Now, to be fair, the Fortress didn't really exist at this time (it wouldn't be built in Byrne's stories til a year and a half later) ... but neither did the "plant absorption" ability! So there could have been a way around that to get Superman back to full power. The book never showed how "weakened" he was compared to his normal levels, and he was strong enough to fly (at super speeds, no less!) under his own power, take electrocution, keep fighting when kryptonite gas was shot at his face while dueling with Batman, and lift/toss a tank with ease.... but flying a few miles up into the upper atmosphere to absorb sunlight for the hour or so that he could hold his breath and get somewhere back to his normal levels seemed to be beyond him.

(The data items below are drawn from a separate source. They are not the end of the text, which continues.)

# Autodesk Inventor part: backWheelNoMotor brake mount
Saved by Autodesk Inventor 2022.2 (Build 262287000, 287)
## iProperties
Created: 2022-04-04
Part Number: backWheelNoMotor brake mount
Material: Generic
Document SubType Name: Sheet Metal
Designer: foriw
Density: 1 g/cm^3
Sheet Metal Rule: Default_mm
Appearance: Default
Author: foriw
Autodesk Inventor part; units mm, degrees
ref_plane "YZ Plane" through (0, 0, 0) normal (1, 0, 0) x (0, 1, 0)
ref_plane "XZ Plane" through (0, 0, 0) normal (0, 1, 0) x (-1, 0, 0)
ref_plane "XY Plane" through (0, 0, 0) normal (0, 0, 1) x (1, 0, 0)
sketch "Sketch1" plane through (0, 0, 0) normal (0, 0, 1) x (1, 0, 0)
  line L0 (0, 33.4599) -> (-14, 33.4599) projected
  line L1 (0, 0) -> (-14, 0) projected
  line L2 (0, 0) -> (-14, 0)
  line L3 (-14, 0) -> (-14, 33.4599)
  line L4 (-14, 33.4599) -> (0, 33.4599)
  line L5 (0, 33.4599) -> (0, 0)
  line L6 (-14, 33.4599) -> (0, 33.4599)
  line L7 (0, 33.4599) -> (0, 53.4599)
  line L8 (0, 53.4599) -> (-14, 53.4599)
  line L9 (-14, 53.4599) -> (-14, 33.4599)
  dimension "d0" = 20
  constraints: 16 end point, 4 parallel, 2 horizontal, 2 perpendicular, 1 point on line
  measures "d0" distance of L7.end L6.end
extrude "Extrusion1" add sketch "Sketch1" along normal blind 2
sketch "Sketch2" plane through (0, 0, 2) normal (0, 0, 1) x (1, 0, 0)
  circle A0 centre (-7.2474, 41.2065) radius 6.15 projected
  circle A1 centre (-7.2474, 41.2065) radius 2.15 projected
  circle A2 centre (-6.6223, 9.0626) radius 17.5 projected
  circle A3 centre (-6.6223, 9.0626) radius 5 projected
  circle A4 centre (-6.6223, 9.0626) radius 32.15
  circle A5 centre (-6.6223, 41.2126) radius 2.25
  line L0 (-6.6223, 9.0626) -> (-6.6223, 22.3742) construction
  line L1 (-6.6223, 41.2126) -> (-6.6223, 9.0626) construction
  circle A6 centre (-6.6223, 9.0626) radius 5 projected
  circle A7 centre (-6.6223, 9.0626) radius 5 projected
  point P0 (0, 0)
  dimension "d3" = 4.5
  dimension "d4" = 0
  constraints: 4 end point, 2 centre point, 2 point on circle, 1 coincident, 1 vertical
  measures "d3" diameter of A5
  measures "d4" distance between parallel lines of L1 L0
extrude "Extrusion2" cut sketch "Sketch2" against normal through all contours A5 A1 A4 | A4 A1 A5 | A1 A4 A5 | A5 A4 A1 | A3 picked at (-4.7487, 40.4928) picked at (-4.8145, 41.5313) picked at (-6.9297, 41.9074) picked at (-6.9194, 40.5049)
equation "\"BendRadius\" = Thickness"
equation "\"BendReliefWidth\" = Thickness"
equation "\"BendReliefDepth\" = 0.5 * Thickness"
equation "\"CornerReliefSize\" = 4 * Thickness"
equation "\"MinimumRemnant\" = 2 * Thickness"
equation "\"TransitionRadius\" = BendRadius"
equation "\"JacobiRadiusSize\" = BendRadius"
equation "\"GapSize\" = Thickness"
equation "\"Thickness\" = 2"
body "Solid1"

Again...this was likely done more for plot relevant reasons; in story, Batman himself said he'd never be able to take on Clark at his full strength. So in order to keep the stakes high in their fight, Clark still had to be recovering. The extent of the radiation poisoning had to be shown to be catastrophic in order for him to be a treat to Bruce, but not something this older Batman couldn't "reasonably" overcome. So him being "Shriveled up" is more a visual exhibition of how much damage he took. And because the skies were blotted out by the nuclear winter [which again isn't factual, as one 15-kiloton bomb would detonated in the upper atmosphere would not cause enough soot and ash to arise from the land to blot out the sun for So many days!]he was not able to get the direct sunlight he needed at ground level to fully recharge, and we have no idea how many fields, mountains, or oceans of plankton [some of the richest solar feeding plantlife] he would have had to absorb in order to get to even half strength.